**Your goal:**
Reproduce, exactly and in full, the lines from the one with "Tin/1 -> Sum1/2" through the one with "note: Q1 CUK CONVERTER" in the data below; drop pictures.

**Data in this exercise:**

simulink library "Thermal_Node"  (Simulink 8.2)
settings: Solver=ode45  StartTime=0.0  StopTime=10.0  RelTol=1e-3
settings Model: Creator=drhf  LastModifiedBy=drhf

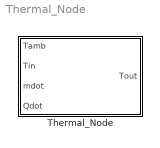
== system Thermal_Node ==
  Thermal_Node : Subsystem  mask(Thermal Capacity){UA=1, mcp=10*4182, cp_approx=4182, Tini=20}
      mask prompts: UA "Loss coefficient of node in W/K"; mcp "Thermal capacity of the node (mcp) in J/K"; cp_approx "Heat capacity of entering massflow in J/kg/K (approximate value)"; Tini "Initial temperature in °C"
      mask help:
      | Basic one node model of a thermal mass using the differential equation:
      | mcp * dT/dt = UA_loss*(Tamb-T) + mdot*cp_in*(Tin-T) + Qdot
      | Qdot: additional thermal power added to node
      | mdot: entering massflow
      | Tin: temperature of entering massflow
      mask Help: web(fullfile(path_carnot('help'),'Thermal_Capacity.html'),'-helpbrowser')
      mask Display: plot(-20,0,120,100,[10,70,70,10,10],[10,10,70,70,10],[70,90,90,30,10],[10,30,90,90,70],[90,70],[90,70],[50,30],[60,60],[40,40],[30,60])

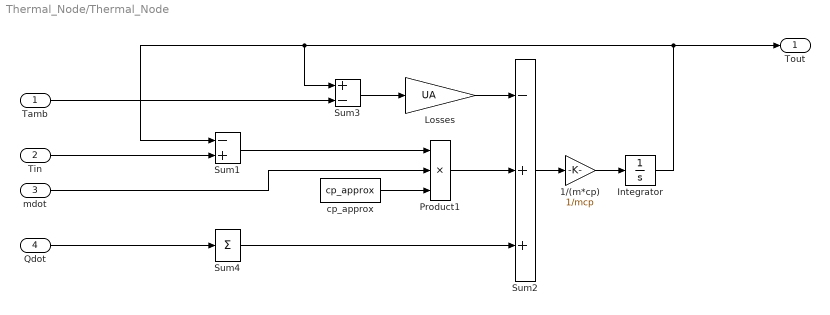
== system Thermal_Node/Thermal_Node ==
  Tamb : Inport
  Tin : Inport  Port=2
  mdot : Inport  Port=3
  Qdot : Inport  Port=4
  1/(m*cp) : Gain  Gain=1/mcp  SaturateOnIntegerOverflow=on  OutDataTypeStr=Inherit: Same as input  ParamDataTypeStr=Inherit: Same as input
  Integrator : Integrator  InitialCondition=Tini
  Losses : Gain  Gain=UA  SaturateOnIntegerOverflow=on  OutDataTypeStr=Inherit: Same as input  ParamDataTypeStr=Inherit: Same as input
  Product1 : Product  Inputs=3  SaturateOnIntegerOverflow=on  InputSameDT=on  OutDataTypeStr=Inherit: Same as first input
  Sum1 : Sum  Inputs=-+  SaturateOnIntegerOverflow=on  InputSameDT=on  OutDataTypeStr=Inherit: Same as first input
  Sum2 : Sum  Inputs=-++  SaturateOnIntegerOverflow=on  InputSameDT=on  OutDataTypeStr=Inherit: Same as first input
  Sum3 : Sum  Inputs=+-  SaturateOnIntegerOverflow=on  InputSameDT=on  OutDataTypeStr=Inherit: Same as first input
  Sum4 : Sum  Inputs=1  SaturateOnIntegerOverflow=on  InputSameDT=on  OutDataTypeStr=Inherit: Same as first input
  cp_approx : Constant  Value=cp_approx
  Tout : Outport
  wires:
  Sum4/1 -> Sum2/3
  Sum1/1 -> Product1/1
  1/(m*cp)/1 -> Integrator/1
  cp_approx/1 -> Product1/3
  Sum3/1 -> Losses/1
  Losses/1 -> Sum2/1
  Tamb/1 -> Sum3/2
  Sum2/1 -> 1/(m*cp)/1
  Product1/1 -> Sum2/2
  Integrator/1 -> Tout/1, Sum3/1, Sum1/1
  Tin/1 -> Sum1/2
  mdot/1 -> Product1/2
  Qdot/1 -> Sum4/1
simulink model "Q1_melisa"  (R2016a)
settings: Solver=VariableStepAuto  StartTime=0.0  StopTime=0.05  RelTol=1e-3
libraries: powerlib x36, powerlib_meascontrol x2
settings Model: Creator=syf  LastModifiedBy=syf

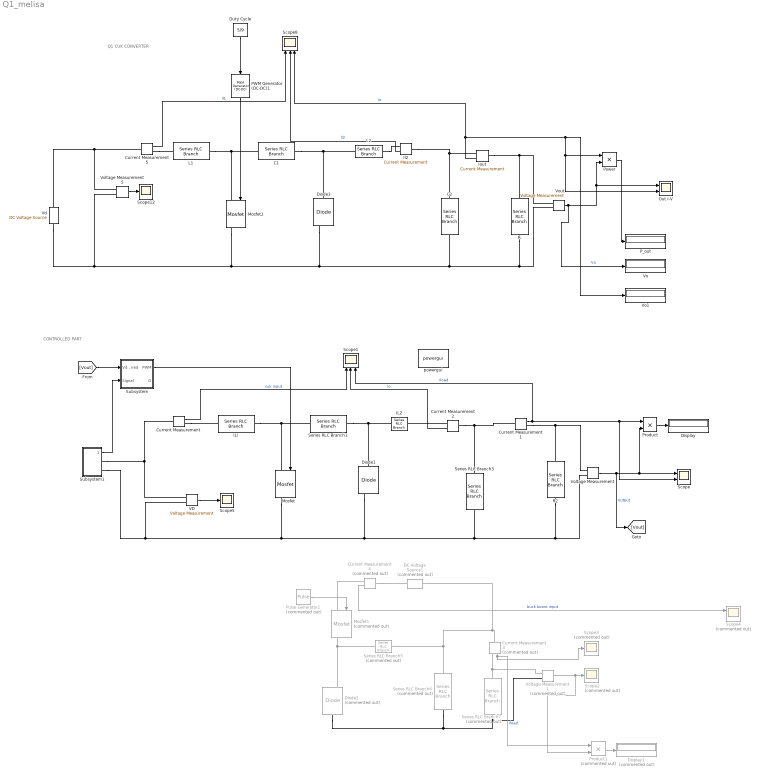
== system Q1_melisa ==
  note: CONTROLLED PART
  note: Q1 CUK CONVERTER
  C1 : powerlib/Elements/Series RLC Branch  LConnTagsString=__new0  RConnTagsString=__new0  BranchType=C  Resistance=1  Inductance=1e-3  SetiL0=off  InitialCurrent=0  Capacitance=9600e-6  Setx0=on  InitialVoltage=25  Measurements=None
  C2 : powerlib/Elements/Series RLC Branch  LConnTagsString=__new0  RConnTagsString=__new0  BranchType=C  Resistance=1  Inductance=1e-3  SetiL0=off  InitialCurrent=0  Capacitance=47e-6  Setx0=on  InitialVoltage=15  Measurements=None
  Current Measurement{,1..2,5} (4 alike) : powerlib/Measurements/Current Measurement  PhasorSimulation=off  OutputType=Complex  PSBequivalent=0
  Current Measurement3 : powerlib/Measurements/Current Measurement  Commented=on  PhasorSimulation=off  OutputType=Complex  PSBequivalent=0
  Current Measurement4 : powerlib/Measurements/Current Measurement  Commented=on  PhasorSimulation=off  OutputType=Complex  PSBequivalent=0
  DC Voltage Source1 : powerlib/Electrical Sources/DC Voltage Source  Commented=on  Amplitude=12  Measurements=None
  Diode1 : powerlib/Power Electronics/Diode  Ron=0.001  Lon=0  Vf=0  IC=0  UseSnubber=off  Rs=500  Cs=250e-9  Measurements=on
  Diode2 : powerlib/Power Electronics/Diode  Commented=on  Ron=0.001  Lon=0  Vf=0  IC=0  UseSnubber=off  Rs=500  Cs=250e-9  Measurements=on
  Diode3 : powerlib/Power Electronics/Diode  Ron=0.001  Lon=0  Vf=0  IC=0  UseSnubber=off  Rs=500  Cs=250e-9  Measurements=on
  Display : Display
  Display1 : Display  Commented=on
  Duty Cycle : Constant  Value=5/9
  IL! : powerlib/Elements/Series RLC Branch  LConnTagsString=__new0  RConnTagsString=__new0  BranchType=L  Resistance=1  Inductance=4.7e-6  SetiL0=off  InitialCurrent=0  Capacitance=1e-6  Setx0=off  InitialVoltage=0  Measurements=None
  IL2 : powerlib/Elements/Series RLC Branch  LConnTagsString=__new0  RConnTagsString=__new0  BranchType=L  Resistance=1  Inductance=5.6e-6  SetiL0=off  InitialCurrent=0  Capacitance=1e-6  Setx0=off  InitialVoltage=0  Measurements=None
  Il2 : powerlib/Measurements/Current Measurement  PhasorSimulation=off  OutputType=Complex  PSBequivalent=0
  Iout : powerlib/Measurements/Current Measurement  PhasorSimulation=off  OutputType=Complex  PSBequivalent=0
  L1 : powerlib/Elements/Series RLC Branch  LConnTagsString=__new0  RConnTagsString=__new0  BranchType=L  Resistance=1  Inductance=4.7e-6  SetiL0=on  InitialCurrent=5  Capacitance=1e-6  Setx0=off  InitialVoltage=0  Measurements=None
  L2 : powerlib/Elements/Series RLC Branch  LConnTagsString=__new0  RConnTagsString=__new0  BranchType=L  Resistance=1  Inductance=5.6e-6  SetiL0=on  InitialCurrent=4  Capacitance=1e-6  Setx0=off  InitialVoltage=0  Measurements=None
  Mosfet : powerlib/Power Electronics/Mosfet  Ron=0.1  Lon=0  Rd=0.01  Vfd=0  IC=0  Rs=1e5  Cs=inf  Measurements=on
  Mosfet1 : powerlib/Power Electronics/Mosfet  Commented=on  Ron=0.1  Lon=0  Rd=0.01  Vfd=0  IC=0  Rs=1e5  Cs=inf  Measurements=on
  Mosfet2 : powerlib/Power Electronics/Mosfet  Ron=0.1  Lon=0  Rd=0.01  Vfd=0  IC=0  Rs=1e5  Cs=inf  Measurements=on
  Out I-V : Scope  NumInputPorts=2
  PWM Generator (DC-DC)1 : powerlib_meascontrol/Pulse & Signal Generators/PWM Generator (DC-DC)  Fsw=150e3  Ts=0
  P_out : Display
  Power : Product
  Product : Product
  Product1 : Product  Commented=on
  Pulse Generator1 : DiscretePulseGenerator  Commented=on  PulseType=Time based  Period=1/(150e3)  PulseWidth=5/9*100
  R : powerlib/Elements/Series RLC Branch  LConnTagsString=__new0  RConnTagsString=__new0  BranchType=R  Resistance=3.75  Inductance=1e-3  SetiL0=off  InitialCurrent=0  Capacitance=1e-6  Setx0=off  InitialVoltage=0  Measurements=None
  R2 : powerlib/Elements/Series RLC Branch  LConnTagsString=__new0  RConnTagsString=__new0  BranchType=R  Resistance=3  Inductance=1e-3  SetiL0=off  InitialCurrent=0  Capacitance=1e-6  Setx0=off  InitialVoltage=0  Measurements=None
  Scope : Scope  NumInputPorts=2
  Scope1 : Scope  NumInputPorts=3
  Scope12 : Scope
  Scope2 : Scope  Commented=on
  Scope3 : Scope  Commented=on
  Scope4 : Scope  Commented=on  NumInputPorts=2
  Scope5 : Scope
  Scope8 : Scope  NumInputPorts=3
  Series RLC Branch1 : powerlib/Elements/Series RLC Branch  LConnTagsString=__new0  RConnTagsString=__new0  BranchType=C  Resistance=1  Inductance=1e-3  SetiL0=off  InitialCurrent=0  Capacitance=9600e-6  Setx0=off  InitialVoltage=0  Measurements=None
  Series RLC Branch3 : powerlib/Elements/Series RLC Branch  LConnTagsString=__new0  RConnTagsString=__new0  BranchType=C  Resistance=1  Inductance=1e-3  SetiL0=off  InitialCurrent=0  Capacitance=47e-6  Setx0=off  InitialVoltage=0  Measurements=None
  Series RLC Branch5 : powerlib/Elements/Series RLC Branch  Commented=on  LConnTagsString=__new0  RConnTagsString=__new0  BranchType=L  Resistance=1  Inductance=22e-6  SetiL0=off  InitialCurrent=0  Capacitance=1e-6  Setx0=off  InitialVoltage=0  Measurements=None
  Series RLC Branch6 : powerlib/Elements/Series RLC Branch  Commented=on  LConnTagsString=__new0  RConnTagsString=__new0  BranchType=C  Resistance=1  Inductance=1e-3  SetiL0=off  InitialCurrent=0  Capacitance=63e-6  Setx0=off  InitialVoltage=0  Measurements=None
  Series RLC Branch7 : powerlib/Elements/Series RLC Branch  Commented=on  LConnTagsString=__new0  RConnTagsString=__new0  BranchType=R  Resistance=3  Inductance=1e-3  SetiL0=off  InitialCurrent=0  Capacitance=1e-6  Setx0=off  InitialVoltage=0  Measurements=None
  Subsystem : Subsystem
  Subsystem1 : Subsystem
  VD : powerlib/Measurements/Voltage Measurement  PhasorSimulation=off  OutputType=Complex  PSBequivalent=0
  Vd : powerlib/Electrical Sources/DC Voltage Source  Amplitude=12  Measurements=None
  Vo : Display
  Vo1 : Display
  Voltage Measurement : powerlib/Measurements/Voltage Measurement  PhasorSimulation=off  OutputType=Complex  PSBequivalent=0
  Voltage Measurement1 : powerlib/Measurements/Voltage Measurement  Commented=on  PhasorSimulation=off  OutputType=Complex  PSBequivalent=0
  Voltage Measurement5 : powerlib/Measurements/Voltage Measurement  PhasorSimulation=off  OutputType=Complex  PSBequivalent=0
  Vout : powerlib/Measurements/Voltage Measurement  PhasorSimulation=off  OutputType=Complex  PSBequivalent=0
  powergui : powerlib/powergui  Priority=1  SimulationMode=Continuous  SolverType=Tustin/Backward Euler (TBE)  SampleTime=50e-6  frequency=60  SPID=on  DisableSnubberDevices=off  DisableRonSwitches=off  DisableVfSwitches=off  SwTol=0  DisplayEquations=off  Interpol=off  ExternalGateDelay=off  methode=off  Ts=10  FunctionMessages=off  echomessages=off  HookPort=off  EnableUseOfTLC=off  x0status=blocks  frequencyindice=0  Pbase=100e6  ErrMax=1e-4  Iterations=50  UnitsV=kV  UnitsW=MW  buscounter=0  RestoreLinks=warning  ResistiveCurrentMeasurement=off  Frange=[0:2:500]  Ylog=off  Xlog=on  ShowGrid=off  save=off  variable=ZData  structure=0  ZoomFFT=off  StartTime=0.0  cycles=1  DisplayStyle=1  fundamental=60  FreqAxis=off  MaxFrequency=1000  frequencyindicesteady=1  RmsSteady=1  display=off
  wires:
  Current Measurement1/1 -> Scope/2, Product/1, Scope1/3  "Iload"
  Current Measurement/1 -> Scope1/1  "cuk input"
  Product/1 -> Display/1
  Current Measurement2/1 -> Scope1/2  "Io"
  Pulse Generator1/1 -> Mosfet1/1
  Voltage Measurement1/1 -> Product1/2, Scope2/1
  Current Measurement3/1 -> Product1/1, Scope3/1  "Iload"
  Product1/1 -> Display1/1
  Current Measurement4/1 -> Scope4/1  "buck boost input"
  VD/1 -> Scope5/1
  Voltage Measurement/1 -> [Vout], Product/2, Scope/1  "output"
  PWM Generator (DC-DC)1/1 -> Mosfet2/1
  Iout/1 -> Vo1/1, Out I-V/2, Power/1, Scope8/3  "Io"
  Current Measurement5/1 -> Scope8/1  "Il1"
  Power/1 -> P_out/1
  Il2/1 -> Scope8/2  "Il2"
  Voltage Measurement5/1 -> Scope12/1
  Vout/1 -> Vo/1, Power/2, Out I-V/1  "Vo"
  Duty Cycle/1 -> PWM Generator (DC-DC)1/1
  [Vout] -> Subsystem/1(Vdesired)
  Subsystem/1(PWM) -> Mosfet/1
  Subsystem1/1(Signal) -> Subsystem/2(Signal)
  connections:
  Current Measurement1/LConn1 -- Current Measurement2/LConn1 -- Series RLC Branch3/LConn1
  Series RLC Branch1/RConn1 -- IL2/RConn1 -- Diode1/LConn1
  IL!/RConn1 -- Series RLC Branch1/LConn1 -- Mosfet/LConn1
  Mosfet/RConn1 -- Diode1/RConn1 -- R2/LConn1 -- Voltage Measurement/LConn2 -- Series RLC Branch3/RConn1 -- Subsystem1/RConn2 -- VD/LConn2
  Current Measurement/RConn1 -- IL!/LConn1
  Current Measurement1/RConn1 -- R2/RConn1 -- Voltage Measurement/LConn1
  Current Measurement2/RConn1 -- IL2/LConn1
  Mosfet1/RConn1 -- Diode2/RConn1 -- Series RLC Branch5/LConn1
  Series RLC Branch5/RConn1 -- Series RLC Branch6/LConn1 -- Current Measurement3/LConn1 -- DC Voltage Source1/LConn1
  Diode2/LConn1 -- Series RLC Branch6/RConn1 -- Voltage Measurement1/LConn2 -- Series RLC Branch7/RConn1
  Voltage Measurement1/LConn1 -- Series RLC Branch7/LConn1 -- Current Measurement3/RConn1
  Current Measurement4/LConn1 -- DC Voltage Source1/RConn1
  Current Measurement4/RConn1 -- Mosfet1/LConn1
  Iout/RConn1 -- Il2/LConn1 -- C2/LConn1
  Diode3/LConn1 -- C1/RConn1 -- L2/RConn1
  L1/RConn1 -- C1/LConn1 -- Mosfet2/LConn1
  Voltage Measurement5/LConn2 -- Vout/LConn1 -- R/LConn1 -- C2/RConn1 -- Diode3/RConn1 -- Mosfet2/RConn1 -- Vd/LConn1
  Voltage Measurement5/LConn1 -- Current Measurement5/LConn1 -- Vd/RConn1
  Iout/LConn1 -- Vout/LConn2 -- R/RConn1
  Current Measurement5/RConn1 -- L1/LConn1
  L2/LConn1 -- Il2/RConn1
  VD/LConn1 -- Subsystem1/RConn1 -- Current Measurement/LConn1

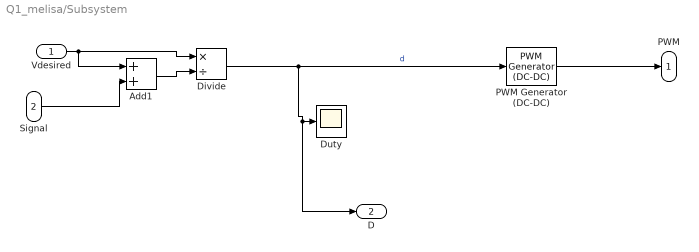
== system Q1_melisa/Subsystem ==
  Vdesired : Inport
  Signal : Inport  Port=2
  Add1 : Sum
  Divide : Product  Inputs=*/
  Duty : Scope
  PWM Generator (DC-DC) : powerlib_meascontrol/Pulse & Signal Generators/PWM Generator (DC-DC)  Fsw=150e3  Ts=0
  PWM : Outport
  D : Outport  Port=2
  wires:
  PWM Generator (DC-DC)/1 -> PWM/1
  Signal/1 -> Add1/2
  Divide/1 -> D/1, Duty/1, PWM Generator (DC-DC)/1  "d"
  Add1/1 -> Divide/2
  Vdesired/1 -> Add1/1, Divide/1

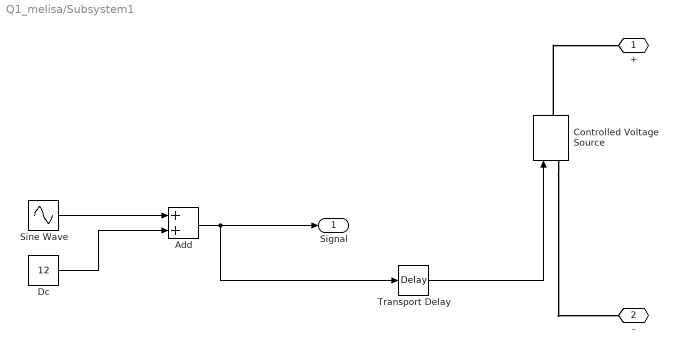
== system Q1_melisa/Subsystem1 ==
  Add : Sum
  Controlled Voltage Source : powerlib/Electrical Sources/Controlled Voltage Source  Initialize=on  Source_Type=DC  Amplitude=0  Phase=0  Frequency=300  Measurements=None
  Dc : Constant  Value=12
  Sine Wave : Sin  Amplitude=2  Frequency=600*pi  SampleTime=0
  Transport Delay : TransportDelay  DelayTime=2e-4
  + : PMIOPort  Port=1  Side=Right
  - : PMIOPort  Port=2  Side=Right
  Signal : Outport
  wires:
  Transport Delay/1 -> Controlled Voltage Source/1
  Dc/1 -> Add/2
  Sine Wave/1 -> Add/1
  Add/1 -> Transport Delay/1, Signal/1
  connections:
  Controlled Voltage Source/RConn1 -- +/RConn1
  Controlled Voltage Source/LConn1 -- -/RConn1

**Written response:**
  Tin/1 -> Sum1/2
  mdot/1 -> Product1/2
  Qdot/1 -> Sum4/1
simulink model "Q1_melisa"  (R2016a)
settings: Solver=VariableStepAuto  StartTime=0.0  StopTime=0.05  RelTol=1e-3
libraries: powerlib x36, powerlib_meascontrol x2
settings Model: Creator=syf  LastModifiedBy=syf

== system Q1_melisa ==
  note: CONTROLLED PART
  note: Q1 CUK CONVERTER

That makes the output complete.